Rational Design of PdPt Nanoalloys Sensitized Mesoporous SnO2 for High-Performance Methane Sensing Applications

Methane (CH 4 ) serves as a commonly utilized fuel gas in various industrial and everyday settings. Given its flammable, explosive, and greenhouse gas nature, the real-time monitoring of its concentration in the air holds vital importance across practical applications. The tetrahedral structure of methane molecules features high bond energies, posing a significant challenge for chemical detection over metal oxide-sensitive layers.

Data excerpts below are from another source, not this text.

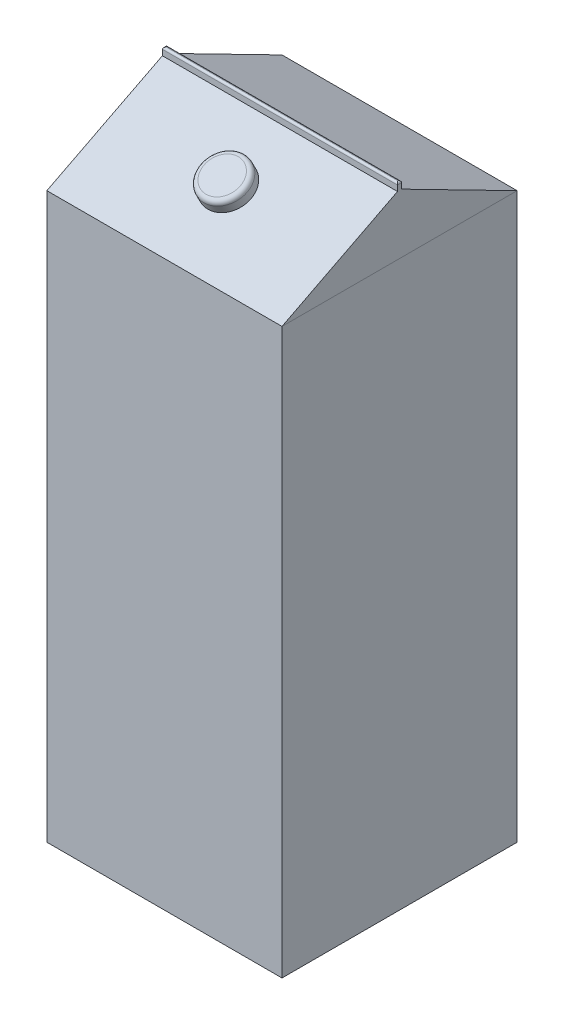
ISO-10303-21;
HEADER;
FILE_DESCRIPTION(('STEP AP214'),'2;1');
FILE_NAME('part.step','',(''),(''),'','','');
FILE_SCHEMA(('AUTOMOTIVE_DESIGN { 1 0 10303 214 1 1 1 1 }'));
ENDSEC;
DATA;
#1=APPLICATION_CONTEXT('core data for automotive mechanical design processes');
#2=APPLICATION_PROTOCOL_DEFINITION('international standard','automotive_design',2000,#1);
#3=PRODUCT_CONTEXT('',#1,'mechanical');
#4=PRODUCT('Part','Part','',(#3));
#5=PRODUCT_RELATED_PRODUCT_CATEGORY('part','',(#4));
#6=PRODUCT_DEFINITION_FORMATION('','',#4);
#7=PRODUCT_DEFINITION_CONTEXT('part definition',#1,'design');
#8=PRODUCT_DEFINITION('design','',#6,#7);
#9=PRODUCT_DEFINITION_SHAPE('','',#8);
#10=(LENGTH_UNIT() NAMED_UNIT(*) SI_UNIT(.MILLI.,.METRE.));
#11=(NAMED_UNIT(*) PLANE_ANGLE_UNIT() SI_UNIT($,.RADIAN.));
#12=(NAMED_UNIT(*) SI_UNIT($,.STERADIAN.) SOLID_ANGLE_UNIT());
#13=UNCERTAINTY_MEASURE_WITH_UNIT(LENGTH_MEASURE(1.E-05),#10,'distance_accuracy_value','');
#14=(GEOMETRIC_REPRESENTATION_CONTEXT(3) GLOBAL_UNCERTAINTY_ASSIGNED_CONTEXT((#13)) GLOBAL_UNIT_ASSIGNED_CONTEXT((#10,
#11,#12)) REPRESENTATION_CONTEXT('',''));
#15=CARTESIAN_POINT('',(0.,0.,0.));
#16=DIRECTION('',(0.,0.,1.));
#17=DIRECTION('',(1.,0.,0.));
#18=AXIS2_PLACEMENT_3D('',#15,#16,#17);
#19=CARTESIAN_POINT('',(63.5,120.795462819228,61.787415352472));
#20=DIRECTION('',(0.,-0.89029273113274,-0.45538868331592));
#21=DIRECTION('',(0.,0.45538868331592,-0.89029273113274));
#22=AXIS2_PLACEMENT_3D('',#19,#20,#21);
#23=PLANE('',#22);
#24=CARTESIAN_POINT('',(31.9758453761061,161.09049471081,-16.9900670667607));
#25=DIRECTION('',(0.,-0.89029273113274,-0.45538868331592));
#26=DIRECTION('',(0.,0.45538868331592,-0.89029273113274));
#27=AXIS2_PLACEMENT_3D('',#24,#25,#26);
#28=CIRCLE('',#27,6.1648093234389);
#29=CARTESIAN_POINT('',(31.9758453761061,163.897879111504,-22.4785519962377));
#30=VERTEX_POINT('',#29);
#31=EDGE_CURVE('E168',#30,#30,#28,.F.);
#32=ORIENTED_EDGE('',*,*,#31,.F.);
#33=EDGE_LOOP('',(#32));
#34=FACE_BOUND('',#33,.T.);
#35=DIRECTION('',(0.,-0.45538868331592,0.89029273113274));
#36=VECTOR('',#35,1.);
#37=CARTESIAN_POINT('',(0.,120.795462819228,61.787415352472));
#38=LINE('',#37,#36);
#39=CARTESIAN_POINT('',(0.,168.356274992432,-31.194792848776));
#40=VERTEX_POINT('',#39);
#41=CARTESIAN_POINT('',(0.,152.4,0.));
#42=VERTEX_POINT('',#41);
#43=EDGE_CURVE('E138',#40,#42,#38,.T.);
#44=ORIENTED_EDGE('',*,*,#43,.T.);
#45=DIRECTION('',(-1.,0.,0.));
#46=VECTOR('',#45,1.);
#47=CARTESIAN_POINT('',(63.5,152.4,0.));
#48=LINE('',#47,#46);
#49=CARTESIAN_POINT('',(63.5,152.4,0.));
#50=VERTEX_POINT('',#49);
#51=EDGE_CURVE('E128',#50,#42,#48,.T.);
#52=ORIENTED_EDGE('',*,*,#51,.F.);
#53=DIRECTION('',(0.,-0.45538868331592,0.89029273113274));
#54=VECTOR('',#53,1.);
#55=CARTESIAN_POINT('',(63.5,120.795462819228,61.787415352472));
#56=LINE('',#55,#54);
#57=CARTESIAN_POINT('',(63.5,168.356274992432,-31.194792848776));
#58=VERTEX_POINT('',#57);
#59=EDGE_CURVE('E113',#58,#50,#56,.T.);
#60=ORIENTED_EDGE('',*,*,#59,.F.);
#61=DIRECTION('',(-1.,0.,0.));
#62=VECTOR('',#61,1.);
#63=CARTESIAN_POINT('',(63.5,168.356274992432,-31.194792848776));
#64=LINE('',#63,#62);
#65=EDGE_CURVE('E118',#58,#40,#64,.T.);
#66=ORIENTED_EDGE('',*,*,#65,.T.);
#67=EDGE_LOOP('',(#44,#52,#60,#66));
#68=FACE_BOUND('',#67,.T.);
#69=ADVANCED_FACE('F45',(#34,#68),#23,.F.);
#70=CARTESIAN_POINT('',(63.5,152.4,0.));
#71=DIRECTION('',(0.,1.,0.));
#72=DIRECTION('',(0.,0.,1.));
#73=AXIS2_PLACEMENT_3D('',#70,#71,#72);
#74=PLANE('',#73);
#75=DIRECTION('',(0.,0.,-1.));
#76=VECTOR('',#75,1.);
#77=CARTESIAN_POINT('',(0.,152.4,0.));
#78=LINE('',#77,#76);
#79=CARTESIAN_POINT('',(0.,152.4,-63.5));
#80=VERTEX_POINT('',#79);
#81=EDGE_CURVE('E129',#42,#80,#78,.T.);
#82=ORIENTED_EDGE('',*,*,#81,.T.);
#83=DIRECTION('',(-1.,0.,0.));
#84=VECTOR('',#83,1.);
#85=CARTESIAN_POINT('',(63.5,152.4,-63.5));
#86=LINE('',#85,#84);
#87=CARTESIAN_POINT('',(63.5,152.4,-63.5));
#88=VERTEX_POINT('',#87);
#89=EDGE_CURVE('E148',#88,#80,#86,.T.);
#90=ORIENTED_EDGE('',*,*,#89,.F.);
#91=DIRECTION('',(0.,0.,-1.));
#92=VECTOR('',#91,1.);
#93=CARTESIAN_POINT('',(63.5,152.4,0.));
#94=LINE('',#93,#92);
#95=EDGE_CURVE('E125',#50,#88,#94,.T.);
#96=ORIENTED_EDGE('',*,*,#95,.F.);
#97=ORIENTED_EDGE('',*,*,#51,.T.);
#98=EDGE_LOOP('',(#82,#90,#96,#97));
#99=FACE_BOUND('',#98,.T.);
#100=ADVANCED_FACE('F193',(#99),#74,.F.);
#101=CARTESIAN_POINT('',(63.5,146.540219216091,-74.9559725111272));
#102=DIRECTION('',(0.,-0.89029273113274,0.45538868331592));
#103=DIRECTION('',(0.,-0.45538868331592,-0.89029273113274));
#104=AXIS2_PLACEMENT_3D('',#101,#102,#103);
#105=PLANE('',#104);
#106=DIRECTION('',(0.,0.45538868331592,0.89029273113274));
#107=VECTOR('',#106,1.);
#108=CARTESIAN_POINT('',(0.,146.540219216091,-74.9559725111272));
#109=LINE('',#108,#107);
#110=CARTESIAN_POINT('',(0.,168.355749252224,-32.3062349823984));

In this research, a multicomponent assembly method is used to synthesize ordered mesoporous tin oxide (SnO 2 ) with uniform large mesopores (≈ 10 nm) and pore wall functionalized with Pd x Pt nanoalloys (≈ 2.5 nm), and due to the unusual C–H bond activation capabilities of Pd x Pt nanoalloys and semiconducting properties of mesoporous SnO 2 , the obtained Pd 2 Pt@m-SnO 2 is used to fabricate gas sensors which showcases a wide applicability range in detecting concentrations ranging from 50 to 20 000 ppm at 400 °C, and it yields a substantial CH 4 response of 9.19 (1000 ppm) and an ultralow limit of the detection value of 175.9 ppb. Furthermore, the sensor is successfully incorporated into a portable device, evidencing its capability for accurate CH 4 detection in real-world scenarios.